» Task prompt: In the material below, find the line that contains "point P2 (50.165, 40.386)" and the line that contains "line L7 (31.0509, 17.4752)", then write out exactly those two lines and everything between them.

» Task material:
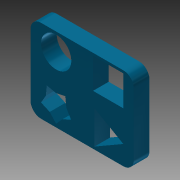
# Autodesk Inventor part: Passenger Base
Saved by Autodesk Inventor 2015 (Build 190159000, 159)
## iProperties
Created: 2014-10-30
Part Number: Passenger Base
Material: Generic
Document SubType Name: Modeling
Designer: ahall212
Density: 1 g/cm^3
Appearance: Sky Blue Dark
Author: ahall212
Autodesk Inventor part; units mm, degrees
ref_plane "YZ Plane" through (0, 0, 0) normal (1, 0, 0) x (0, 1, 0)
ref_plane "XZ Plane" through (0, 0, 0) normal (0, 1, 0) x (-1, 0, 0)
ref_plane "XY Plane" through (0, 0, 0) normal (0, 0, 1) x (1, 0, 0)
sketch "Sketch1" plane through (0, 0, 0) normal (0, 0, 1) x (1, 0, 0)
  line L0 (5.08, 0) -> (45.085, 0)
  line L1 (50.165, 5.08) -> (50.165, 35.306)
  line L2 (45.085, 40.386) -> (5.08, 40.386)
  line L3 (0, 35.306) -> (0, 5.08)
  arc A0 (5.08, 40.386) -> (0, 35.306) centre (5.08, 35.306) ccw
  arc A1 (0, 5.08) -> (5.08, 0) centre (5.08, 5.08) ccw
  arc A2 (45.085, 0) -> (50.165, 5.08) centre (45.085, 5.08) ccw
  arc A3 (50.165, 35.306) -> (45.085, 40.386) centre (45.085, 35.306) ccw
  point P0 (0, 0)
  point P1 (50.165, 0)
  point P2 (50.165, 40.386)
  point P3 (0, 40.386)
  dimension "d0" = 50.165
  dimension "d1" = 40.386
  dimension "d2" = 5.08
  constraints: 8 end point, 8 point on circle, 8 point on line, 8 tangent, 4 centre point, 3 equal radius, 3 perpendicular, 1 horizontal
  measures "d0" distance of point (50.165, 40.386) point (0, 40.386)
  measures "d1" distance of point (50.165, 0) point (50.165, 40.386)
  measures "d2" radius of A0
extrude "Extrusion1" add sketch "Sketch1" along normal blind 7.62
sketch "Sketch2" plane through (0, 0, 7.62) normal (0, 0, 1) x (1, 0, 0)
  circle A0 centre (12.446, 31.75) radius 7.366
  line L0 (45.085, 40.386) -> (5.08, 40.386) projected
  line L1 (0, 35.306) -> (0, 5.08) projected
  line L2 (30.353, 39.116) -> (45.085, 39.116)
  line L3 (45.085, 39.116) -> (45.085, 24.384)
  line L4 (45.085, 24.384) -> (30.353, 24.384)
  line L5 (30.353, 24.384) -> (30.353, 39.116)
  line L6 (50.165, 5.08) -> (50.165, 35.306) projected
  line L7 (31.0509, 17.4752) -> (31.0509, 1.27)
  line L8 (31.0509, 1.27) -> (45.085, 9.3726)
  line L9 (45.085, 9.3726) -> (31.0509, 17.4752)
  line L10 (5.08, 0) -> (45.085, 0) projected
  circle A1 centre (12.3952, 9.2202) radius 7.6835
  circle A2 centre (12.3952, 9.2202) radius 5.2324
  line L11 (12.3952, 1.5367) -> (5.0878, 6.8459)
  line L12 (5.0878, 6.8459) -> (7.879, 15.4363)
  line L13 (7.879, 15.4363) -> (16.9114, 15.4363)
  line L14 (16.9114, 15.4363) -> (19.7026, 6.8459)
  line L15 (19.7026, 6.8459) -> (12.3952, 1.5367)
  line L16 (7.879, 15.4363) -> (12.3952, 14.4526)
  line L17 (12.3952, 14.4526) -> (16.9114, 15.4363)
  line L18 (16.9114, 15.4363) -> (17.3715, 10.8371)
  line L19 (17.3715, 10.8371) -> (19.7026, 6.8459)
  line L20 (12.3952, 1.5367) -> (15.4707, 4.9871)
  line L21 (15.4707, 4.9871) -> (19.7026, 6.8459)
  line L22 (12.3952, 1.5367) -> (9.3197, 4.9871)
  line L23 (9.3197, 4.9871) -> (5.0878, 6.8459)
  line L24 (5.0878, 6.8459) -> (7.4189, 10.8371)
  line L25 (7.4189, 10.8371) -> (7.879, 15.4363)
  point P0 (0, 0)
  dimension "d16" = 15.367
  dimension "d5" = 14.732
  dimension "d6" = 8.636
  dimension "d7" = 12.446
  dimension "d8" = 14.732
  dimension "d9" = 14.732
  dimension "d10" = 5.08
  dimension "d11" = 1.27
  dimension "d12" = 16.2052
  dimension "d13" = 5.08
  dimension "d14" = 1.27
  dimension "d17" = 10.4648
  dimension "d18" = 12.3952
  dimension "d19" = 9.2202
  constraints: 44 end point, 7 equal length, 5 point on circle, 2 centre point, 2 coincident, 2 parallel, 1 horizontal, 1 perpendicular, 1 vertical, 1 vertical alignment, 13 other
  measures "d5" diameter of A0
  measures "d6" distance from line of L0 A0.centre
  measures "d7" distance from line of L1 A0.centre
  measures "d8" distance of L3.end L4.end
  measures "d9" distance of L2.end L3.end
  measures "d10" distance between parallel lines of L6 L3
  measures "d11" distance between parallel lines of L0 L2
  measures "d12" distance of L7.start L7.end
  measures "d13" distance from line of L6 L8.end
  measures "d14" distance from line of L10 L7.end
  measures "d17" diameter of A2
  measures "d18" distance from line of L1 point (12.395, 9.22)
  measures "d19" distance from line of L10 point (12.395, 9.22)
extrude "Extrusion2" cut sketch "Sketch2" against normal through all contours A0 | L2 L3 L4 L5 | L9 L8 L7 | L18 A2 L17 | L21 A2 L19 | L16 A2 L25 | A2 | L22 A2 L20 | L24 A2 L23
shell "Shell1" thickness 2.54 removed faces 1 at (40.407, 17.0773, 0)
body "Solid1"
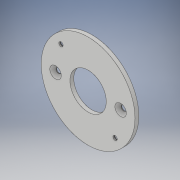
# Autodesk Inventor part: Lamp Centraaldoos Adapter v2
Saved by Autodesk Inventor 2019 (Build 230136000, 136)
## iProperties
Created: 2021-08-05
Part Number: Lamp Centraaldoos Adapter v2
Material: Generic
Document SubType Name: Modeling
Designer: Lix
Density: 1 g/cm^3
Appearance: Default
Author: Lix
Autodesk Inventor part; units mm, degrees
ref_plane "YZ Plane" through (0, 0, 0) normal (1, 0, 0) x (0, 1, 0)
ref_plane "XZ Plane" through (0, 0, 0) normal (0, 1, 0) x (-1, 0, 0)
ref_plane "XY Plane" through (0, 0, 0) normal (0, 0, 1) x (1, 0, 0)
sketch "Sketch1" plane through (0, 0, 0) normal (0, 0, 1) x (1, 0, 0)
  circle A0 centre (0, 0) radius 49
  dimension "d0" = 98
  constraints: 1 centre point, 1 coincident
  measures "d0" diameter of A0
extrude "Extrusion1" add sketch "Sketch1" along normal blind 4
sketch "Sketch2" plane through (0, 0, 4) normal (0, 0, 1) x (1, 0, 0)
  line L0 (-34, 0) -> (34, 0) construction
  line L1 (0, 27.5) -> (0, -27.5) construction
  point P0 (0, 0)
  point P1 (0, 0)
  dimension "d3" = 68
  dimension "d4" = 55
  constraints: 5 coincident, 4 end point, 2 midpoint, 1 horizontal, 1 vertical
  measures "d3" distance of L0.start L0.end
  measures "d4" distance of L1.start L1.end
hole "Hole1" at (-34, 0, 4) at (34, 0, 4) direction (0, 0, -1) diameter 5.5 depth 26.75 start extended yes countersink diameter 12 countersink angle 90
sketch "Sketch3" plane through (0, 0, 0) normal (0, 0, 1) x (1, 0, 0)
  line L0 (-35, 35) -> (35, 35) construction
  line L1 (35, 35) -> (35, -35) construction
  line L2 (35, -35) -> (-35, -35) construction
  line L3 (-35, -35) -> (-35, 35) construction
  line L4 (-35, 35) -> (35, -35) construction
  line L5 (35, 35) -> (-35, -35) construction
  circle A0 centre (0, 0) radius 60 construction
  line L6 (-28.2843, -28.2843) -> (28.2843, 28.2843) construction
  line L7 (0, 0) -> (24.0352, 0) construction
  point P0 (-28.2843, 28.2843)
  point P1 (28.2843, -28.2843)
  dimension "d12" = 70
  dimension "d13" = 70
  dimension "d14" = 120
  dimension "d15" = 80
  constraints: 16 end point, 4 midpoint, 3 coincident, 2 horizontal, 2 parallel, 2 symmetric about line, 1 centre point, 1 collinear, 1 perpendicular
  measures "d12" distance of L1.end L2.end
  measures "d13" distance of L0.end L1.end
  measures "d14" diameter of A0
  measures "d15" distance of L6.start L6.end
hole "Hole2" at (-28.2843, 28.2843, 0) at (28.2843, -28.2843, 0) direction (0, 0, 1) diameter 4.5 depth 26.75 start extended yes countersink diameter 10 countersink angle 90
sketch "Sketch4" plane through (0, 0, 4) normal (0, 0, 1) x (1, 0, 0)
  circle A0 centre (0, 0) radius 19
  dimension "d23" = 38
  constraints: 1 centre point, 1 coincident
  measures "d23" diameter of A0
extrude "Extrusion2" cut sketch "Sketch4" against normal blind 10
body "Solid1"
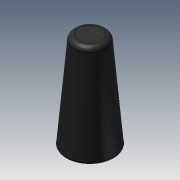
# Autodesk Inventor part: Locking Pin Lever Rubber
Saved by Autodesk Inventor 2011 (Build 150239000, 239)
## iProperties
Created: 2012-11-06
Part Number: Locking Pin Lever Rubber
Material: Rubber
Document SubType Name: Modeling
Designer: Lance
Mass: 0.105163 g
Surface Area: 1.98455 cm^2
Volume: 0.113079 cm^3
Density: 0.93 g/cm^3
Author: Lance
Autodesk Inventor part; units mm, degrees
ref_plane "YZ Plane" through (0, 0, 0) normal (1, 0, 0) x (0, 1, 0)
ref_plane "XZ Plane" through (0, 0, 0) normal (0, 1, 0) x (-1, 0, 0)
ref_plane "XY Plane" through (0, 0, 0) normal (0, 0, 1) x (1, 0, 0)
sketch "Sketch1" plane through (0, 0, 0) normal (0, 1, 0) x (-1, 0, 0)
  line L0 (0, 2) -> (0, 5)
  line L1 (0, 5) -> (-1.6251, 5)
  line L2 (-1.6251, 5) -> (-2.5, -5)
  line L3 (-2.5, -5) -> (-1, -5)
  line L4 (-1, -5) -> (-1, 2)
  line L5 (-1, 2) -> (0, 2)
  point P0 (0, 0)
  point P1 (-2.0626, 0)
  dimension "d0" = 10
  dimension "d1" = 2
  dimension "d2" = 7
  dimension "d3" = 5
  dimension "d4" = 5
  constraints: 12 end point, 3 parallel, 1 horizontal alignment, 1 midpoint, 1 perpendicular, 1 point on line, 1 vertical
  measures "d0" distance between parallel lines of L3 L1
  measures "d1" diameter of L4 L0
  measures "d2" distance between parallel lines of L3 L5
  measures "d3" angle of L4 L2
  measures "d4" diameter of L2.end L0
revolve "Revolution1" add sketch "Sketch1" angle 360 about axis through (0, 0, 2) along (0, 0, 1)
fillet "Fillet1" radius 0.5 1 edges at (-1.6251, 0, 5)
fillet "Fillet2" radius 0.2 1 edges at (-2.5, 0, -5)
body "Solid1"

» Task answer:
  point P2 (50.165, 40.386)
  point P3 (0, 40.386)
  dimension "d0" = 50.165
  dimension "d1" = 40.386
  dimension "d2" = 5.08
  constraints: 8 end point, 8 point on circle, 8 point on line, 8 tangent, 4 centre point, 3 equal radius, 3 perpendicular, 1 horizontal
  measures "d0" distance of point (50.165, 40.386) point (0, 40.386)
  measures "d1" distance of point (50.165, 0) point (50.165, 40.386)
  measures "d2" radius of A0
extrude "Extrusion1" add sketch "Sketch1" along normal blind 7.62
sketch "Sketch2" plane through (0, 0, 7.62) normal (0, 0, 1) x (1, 0, 0)
  circle A0 centre (12.446, 31.75) radius 7.366
  line L0 (45.085, 40.386) -> (5.08, 40.386) projected
  line L1 (0, 35.306) -> (0, 5.08) projected
  line L2 (30.353, 39.116) -> (45.085, 39.116)
  line L3 (45.085, 39.116) -> (45.085, 24.384)
  line L4 (45.085, 24.384) -> (30.353, 24.384)
  line L5 (30.353, 24.384) -> (30.353, 39.116)
  line L6 (50.165, 5.08) -> (50.165, 35.306) projected
  line L7 (31.0509, 17.4752) -> (31.0509, 1.27)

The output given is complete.